# Hot Rod Banana Seat Muscle Bike



## sthpawil (Jan 2, 2022)

Does anyone know anything about this Hot Rod bike?  A lady has it for sale.  I have never heard of it.


----------



## Mr. Monkeyarms (Jan 3, 2022)

I can't remember who makes these but think they came out about the time Schwinn started reproducing the Stingrays in China. Around 2007 maybe?


----------



## coasterbrakejunkie1969 (Jan 3, 2022)

I believe that frame  is still produced today. Very similar to a Stingray frame.


----------



## Coyote (Jan 3, 2022)

Mr. Monkeyarms said:


> they came out about the time Schwinn started reproducing the Stingrays in China. Around 2007 maybe?
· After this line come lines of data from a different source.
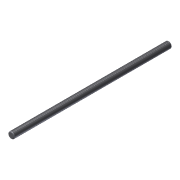
# Autodesk Inventor part: PS20011
Saved by Autodesk Inventor 2014 (Build 180170000, 170)
## iProperties
Category: NS
Created: 2011-09-26
Part Number: PS20011
Document SubType Name: Modeling
Designer: ERF
Density: 8 g/cm^3
Description: M8 Threaded Rod - Stainless Steel, 200mm
Material: Stainless Steel, Polished
Stock Number: S2TR-200
Vendor: NetBeef
Project: Shapeoko
Mass: 79.0173 g
Surface Area: 51.2708 cm^2
Volume: 10.0531 cm^3
Appearance: Steel
Catalog Web Link: http://www.mcmaster.com/#catalog/119/3147/=nu2cm7
Authority: PER ALEX BI @ NINGBO YINZHOU, 7-29-13 - INCLUDES SHIPPING
Title: Threaded Rod
Author: ERF
Subject: Motion
Comments: Fusion
Autodesk Inventor part; units mm, degrees
ref_plane "YZ Plane" through (0, 0, 0) normal (1, 0, 0) x (0, 1, 0)
ref_plane "XZ Plane" through (0, 0, 0) normal (0, 1, 0) x (-1, 0, 0)
ref_plane "XY Plane" through (0, 0, 0) normal (0, 0, 1) x (1, 0, 0)
sketch "Sketch1" plane through (0, 0, 0) normal (0, 0, 1) x (1, 0, 0)
  circle A0 centre (0, 0) radius 4
  dimension "d0" = 8
  constraints: 1 centre point
  measures "d0" diameter of A0
extrude "Extrusion1" add sketch "Sketch1" along normal blind 200
thread "Thread1" size "M8x1.25" class "6g" standard "ANSI Metric M Profile" full length
fillet "Fillet1" radius 1 2 edges at (-4, 0, 200) (-4, 0, 0)
body "Solid1"
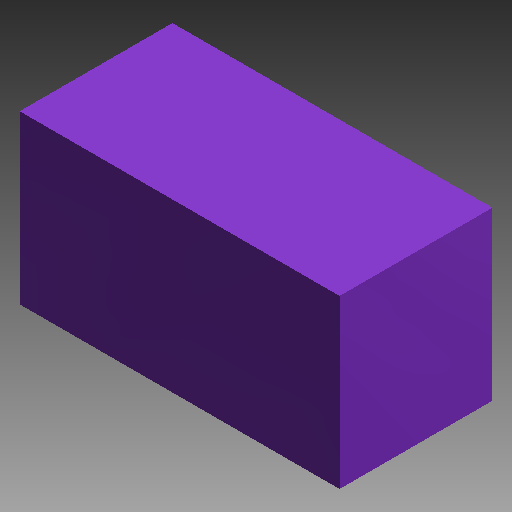
# Autodesk Inventor part: 4.7uF
Saved by Autodesk Inventor 2018.2 (Build 222227000, 227)
## iProperties
Part Number: 4.7uF
Material: Generic
Document SubType Name: Modeling
Designer: autocad
Appearance: C1206, 4.7uF
Author: autocad
Autodesk Inventor part; units mm, degrees
ref_plane "YZ Plane" through (0, 0, 0) normal (1, 0, 0) x (0, 1, 0)
ref_plane "XZ Plane" through (0, 0, 0) normal (0, 1, 0) x (-1, 0, 0)
ref_plane "XY Plane" through (0, 0, 0) normal (0, 0, 1) x (1, 0, 0)
sketch "C1206, 4.7uF_71" plane through (0, 0, 0) normal (0, 0, 1) x (1, 0, 0)
  line L0 (-1.675, 0.875) -> (1.675, 0.875)
  line L1 (1.675, 0.875) -> (1.675, -0.875)
  line L2 (1.675, -0.875) -> (-1.675, -0.875)
  line L3 (-1.675, -0.875) -> (-1.675, 0.875)
  constraints: 8 end point
extrude "Extrusion1" add sketch "C1206, 4.7uF_71" along normal blind 1.6
body "Solid1"
x_tensioner (Autodesk Fusion 360 design; units mm, degrees)
Autodesk Fusion 360 part; units mm, degrees
sketch "Sketch1" plane through (0, 0, 0) normal (1, 0, 0) x (0, 0, -1)
  line L0 (0, 0) -> (19, 0)
  line L1 (19, 0) -> (19, 60)
  line L2 (19, 60) -> (0, 60)
  line L3 (0, 60) -> (0, 0)
  circle A0 centre (9.5, 52.5) radius 1.65
  circle A1 centre (9.5, 7.5) radius 1.65
  circle A2 centre (9.5, 30) radius 2.1
  point P0 (9.5, 60)
  point P1 (0, 30)
  dimension "d1" = 3.3
  dimension "d2" = 45
  dimension "d3" = 60
  dimension "d4" = 19
  dimension "d5" = 9.5
  dimension "d6" = 7.5
  dimension "d7" = 4.2
  constraint horizontal L0
  constraint vertical L1
  constraint horizontal L2
  constraint vertical L3
  constraint coincident L0.start L3.end
  constraint equal A0 A1
  constraint vertical A0.centre A1.centre
  constraint midpoint L2 P0
  constraint midpoint L3 P1
  constraint horizontal A2.centre P1
  constraint vertical A2.centre P0
  measures "d1" diameter of A1
  measures "d2" distance of A0.centre A1.centre
  measures "d3" distance of L0.start L2.end
  measures "d4" distance of L1.end L2.end
  measures "d5" distance of L1 A0.centre
  measures "d6" distance of L2 A0.centre
  measures "d7" diameter of A2
extrude "Extrude1" add sketch "Sketch1" along normal blind 4
sketch "Sketch2" plane through (4, 0, 0) normal (1, 0, 0) x (0, 0, -1)
  circle A0 centre (9.5, 7.5) radius 1.65
  circle A1 centre (9.5, 52.5) radius 1.65
  circle A2 centre (9.5, 30) radius 2.1
  line L0 (0, 60) -> (0, 0)
  line L1 (0, 0) -> (19, 0)
  line L2 (19, 0) -> (19, 60)
  line L3 (19, 60) -> (0, 60)
  line L4 (19, 40.5) -> (0, 40.5)
  line L5 (0, 40.5) -> (0, 19.5)
  line L6 (0, 19.5) -> (19, 19.5)
  line L7 (19, 19.5) -> (19, 40.5)
  line L8 (19, 40.5) -> (0, 19.5) construction
  line L9 (0, 40.5) -> (19, 19.5) construction
  point P0 (9.5, 30)
  dimension "d10" = 21
  constraint horizontal L4
  constraint perpendicular L4 L5
  constraint parallel L4 L6
  constraint parallel L5 L7
  constraint coincident L2 L4.start
  constraint coincident L8 P0
  constraint coincident L9 P0
  constraint coincident P0 A2.centre
  measures "d10" distance of L4 L6
extrude "Extrude2" cut sketch "Sketch2" against normal blind 1 contours L0 L2 L4 L5 L6 L7
fillet "Fillet1" radius 3 4 edges at (2, 60, 0) (2, 60, -19) (2, 0, -19) (2, 0, 0)
sketch "Sketch3" plane through (0, 0, 0) normal (-1, 0, 0) x (0, 0, 1)
  arc A0 (-3, 0) -> (0, 3) centre (-3, 3) ccw
  line L0 (0, 3) -> (0, 57)
  arc A1 (0, 57) -> (-3, 60) centre (-3, 57) ccw
  line L1 (-3, 60) -> (-16, 60)
  arc A2 (-16, 60) -> (-19, 57) centre (-16, 57) ccw
  line L2 (-19, 57) -> (-19, 3)
  arc A3 (-19, 3) -> (-16, 0) centre (-16, 3) ccw
  line L3 (-16, 0) -> (-3, 0)
  circle A4 centre (-9.5, 7.5) radius 1.65
  circle A5 centre (-9.5, 52.5) radius 1.65
  circle A6 centre (-9.5, 30) radius 2.1
  line L4 (-11.2321, 55.5) -> (-12.9641, 52.5)
  line L5 (-12.9641, 52.5) -> (-11.2321, 49.5)
  line L6 (-11.2321, 49.5) -> (-7.7679, 49.5)
  line L7 (-7.7679, 49.5) -> (-6.0359, 52.5)
  line L8 (-6.0359, 52.5) -> (-7.7679, 55.5)
  line L9 (-7.7679, 55.5) -> (-11.2321, 55.5)
  line L10 (-11.2321, 10.5) -> (-12.9641, 7.5)
  line L11 (-12.9641, 7.5) -> (-11.2321, 4.5)
  line L12 (-11.2321, 4.5) -> (-7.7679, 4.5)
  line L13 (-7.7679, 4.5) -> (-6.0359, 7.5)
  line L14 (-6.0359, 7.5) -> (-7.7679, 10.5)
  line L15 (-7.7679, 10.5) -> (-11.2321, 10.5)
  point P0 (-9.5, 52.5)
  point P1 (-9.5, 7.5)
  dimension "d15" = 6
  dimension "d16" = 6
  constraint coincident P0 A5.centre
  constraint coincident P1 A4.centre
  constraint horizontal L9
  constraint horizontal L15
  measures "d15" distance of L12 L15
  measures "d16" distance of L6 L9
extrude "Extrude3" cut sketch "Sketch3" against normal blind 3 contours L4 L5 L6 L7 L8 L9 | L10 L11 L12 L13 L14 L15
equation "d5 = d4 / 2"
equation "d16 = d15"
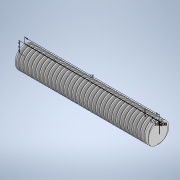
# Autodesk Inventor part: lead screw
Saved by Autodesk Inventor 2020.2 (Build 242310000, 310)
## iProperties
Created: 2021-02-15
Part Number: lead screw
Material: Generic
Document SubType Name: Modeling
Designer: Olivi
Density: 1 g/cm^3
Appearance: Default
Author: Olivi
Autodesk Inventor part; units mm, degrees
ref_plane "YZ Plane" through (0, 0, 0) normal (1, 0, 0) x (0, 1, 0)
ref_plane "XZ Plane" through (0, 0, 0) normal (0, 1, 0) x (-1, 0, 0)
ref_plane "XY Plane" through (0, 0, 0) normal (0, 0, 1) x (1, 0, 0)
sketch "Sketch2" plane through (0, 0, 0) normal (0, 0, 1) x (1, 0, 0)
  line L0 (0, 0) -> (0, 4)
  line L1 (0, 4) -> (50, 4)
  line L2 (50, 4) -> (50, 0)
  line L3 (50.9912, 4) -> (50.75, 3.1)
  line L4 (50.75, 3.1) -> (50.2412, 3.1)
  line L5 (50.2412, 3.1) -> (50, 4)
  line L6 (49.4912, 4) -> (50, 4)
  line L7 (50, 0) -> (0, 0)
  line L8 (50, 4) -> (50.9912, 4)
  dimension "d7" = 4
  dimension "d8" = 50
  dimension "d10" = 105
  dimension "d11" = 105
  dimension "d12" = 0.9
  dimension "d13" = 0
  dimension "d15" = 1.5
  dimension "d16" = 0
  constraints: 18 end point, 2 equal length, 2 parallel, 2 perpendicular, 1 collinear, 1 vertical
  measures "d7" distance of L0.start L0.end
  measures "d8" distance of L0.end L1.end
  measures "d10" angle of L4 L5
  measures "d11" angle of L4 L3
  measures "d12" distance between parallel lines of L4 L6
  measures "d13" distance between parallel lines of L6 L1
  measures "d15" distance of L3.start L6.start
  measures "d16" distance of L1.end L5.end
revolve "Revolution1" add sketch "Sketch2" angle 360 about axis through (50, 0, 0) along (-1, 0, 0) contours L0 L1 L2 L7
coil "Coil1" sketch "Sketch2" operation cut axis through (-10, 0, 0) along (-1, 0, 0) pitch 1.5 turns 100 hand right contours L8 L3 L4 L5
body "Solid2"

Reminds me of an AMX Swift Hornet, timeframe similar.
Chrome was okay, lasts longer than the current WallyWorld Stingrays.


----------



## sthpawil (Jan 3, 2022)

After more research, it appears to a KHS Manhattan Hot Rod.  I had never heard of that brand before.

Apparently came out around 2005 and sold for $169.00.


----------



## Mr. Monkeyarms (Jan 3, 2022)

There you have it!! KHS made some pretty cool stuff in the mountain bike boom in the 90's and still making nice bikes today. They were never a trend setter but make decent, affordable bikes.


----------